WMI held its Fifth Annual Potluck Dinner on Sunday, April 28th at the Carderock Club house in Bethesda, MD. With over 100 supporters in attendance the room was packed to capacity.  potluck The crowd was treated to the new 14 minute new video about the WMI program called Small Loan, Big Change, which was filmed by Erin Kelly (U-Mich '10) on location in Buyobo, Uganda during the summer of 2011. It captured beautifully the way the loan program is transforming the lives and communities of poor rural women in East Africa. The narrators of the video were WMI's Director and Assistant Director in east Africa, Olive Wolimbwa and jackline Namonye. Their special leadership qualities lit up the screen. Watching them and the other members of WMI's fabulous East Africa team in action helped viewers understand why the loan program has been so successful. We hope to have the video posted on the WMI web site in the near future.

 

WMI's President, Robyn Nietert, talked about WMI's triple bottom line. First, the loan program gets capital into the hands of impoverished women so that they can start businesses and it provides them with the training that they need to help make those businesses a success. Secondly, it builds the human capacity of the women-focused, Community Based Organizations (CBO) that WMI partners with to operate the loan programs at the village level. These CBOs eve love into a resource for the entire community and can help families access the goods and services they want and need to improve their household living standards. Lastly, the WMI loan program is bringing about structural change in the way banks deal with poor, rural women. In essence, WMI has engineered itself into the financial service value chain on the ground - networking village-level CBOs and local banks in a new configuration that had not been considered - and one that has resulted in benefits to its partners, its borrowers, and the greater community. It is a simple and flexible operating model that delivers a large and multi-faceted impact.

 

WMI was very fortunate to have on-hand numerous colleagues who had recently visited various loan hub locations. Bonnie Norman from WMI funding partner Chevy Chase Presbyterian Church, talked about the businesses launched by the women in one of WMI's newest loan hubs, Shikokho, Kenya. Andrea Sedlock talked about how her organization, WMI funding partner Mpambarra Cox Foundation, combines the loan program with its educational outreach to village children in the Kabale, Uganda hub. Noah Martin from Walt Whitman high School gave the audience a brief on internship activities in Buyobo, while June Kyakobye talked about how the women's self-confidence has soared in Buyobo since the loan program started.   Ainsley Morris and Montana Stevenson visited all of the loan hubs during their 9-month tenure as WMI's Project Directors last year and their affirmed how the loan program is improving household living standards for village families.

 
The evening raised nearly $10,000 for the WMI loan program. This generosity and outpouring of ideas for additional funding sources was greatly appreciated. Thank you to everyone who helped make the evening such a success - especially to Kathy Staudaher and Sally Kelly who were the masterful organizers of the event.

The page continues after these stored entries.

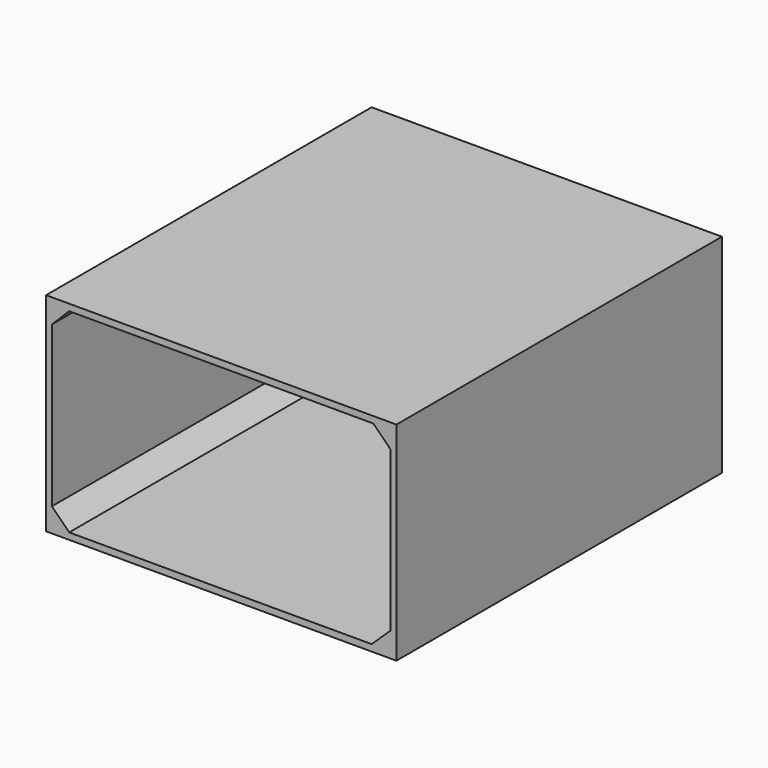
from build123d import *

# Parameters (mm, degrees)
F0_W     = 460.375
F0_H     = 534.67
F1_DEPTH = 273.2278
F3_DEPTH = 536.956


# Not quite as in the source:
# - a feature names something its author has since deleted; it is built from what else it names


with BuildPart() as f1:
    # F0 (on Top) → F1 (new body)
    with BuildSketch(Plane.XY):
        with Locations((230.1875, 267.335)):
            Rectangle(F0_W, F0_H)
    extrude(amount=F1_DEPTH)

    # F2 (on face) → F3 (cut)
    with BuildSketch(Plane.XZ):
        Polygon((452.7307115978, 241.8399496412), (430.0117425975, 264.584589793), (30.3632574025, 264.584589793), (7.6442884022, 241.8399496412), (7.6442884022, 31.3878503588), (30.3632574025, 8.643210207), (427.9011, 8.643210207), (452.7307115978, 32.4993), align=None)
    extrude(amount=-F3_DEPTH, mode=Mode.SUBTRACT)


solid = f1.part

 WMI 500 and WMI Giving Groups

 

Two special ways to support WMI were emphasized at the Potluck.  The WMI 500 is a group of over 60 women who have committed to support the organization at the level of at least $250 per year for two years. These contributions help allow WMI to continue to expand loan program.  The giving format allows WMI to have a dependable cash flow for budgeting purposes.  Each fall WMI holds a cocktail party for WMI 500 members at a board member's home.  This event allows members to socialize and chat about WMI's plans and progress in a more casual setting.  If you would like to join the WMI 500 we would love to have to you!  Please email Kathy Staudaher at: staudaher@verizon.net.

The WMI GIVING GROUP idea was started last fall by Donna Boxer of Chevy Chase, MD.  It is a group of five plus women here in the US who wants to sponsor a loan group of 20 women from first loan to independent banking, which requires $12,700 over a period of 36 months.  This sum covers the costs of the loans, training and support, and guarantee deposits that WMI pays banks to secure transition to independent banking.  Each of the first three years a group donates $3,500.  At the end of the third year the final contribution diminishes to $2,200.  Members of a giving group receive regular updates, photos and reports about a new group's performance.  Giving groups fund the annual donation commitments in a number of different ways:

  • Each member can write a check;
  • Hosting  a "Party for a Purpose" -  inviting friends to learn about WMI and view WMI YouTube videos, then asking for donations;
  • Collect and bundle donations from friends and family.  Doing this to honor a woman in your life for a milestone birthday or Mother's Day can be very meaningful;
  • Sponsoring a community fundraiser:  e.g., bake sale, run/walk or tag/book sale event; 
  • Starting a "dinner club" or "women's happy hour" to meet on a regular basis.  The group meets at someone's home and participants donate money they would spend at a restaurant to WMI instead.   It's a great excuse for getting together with friends!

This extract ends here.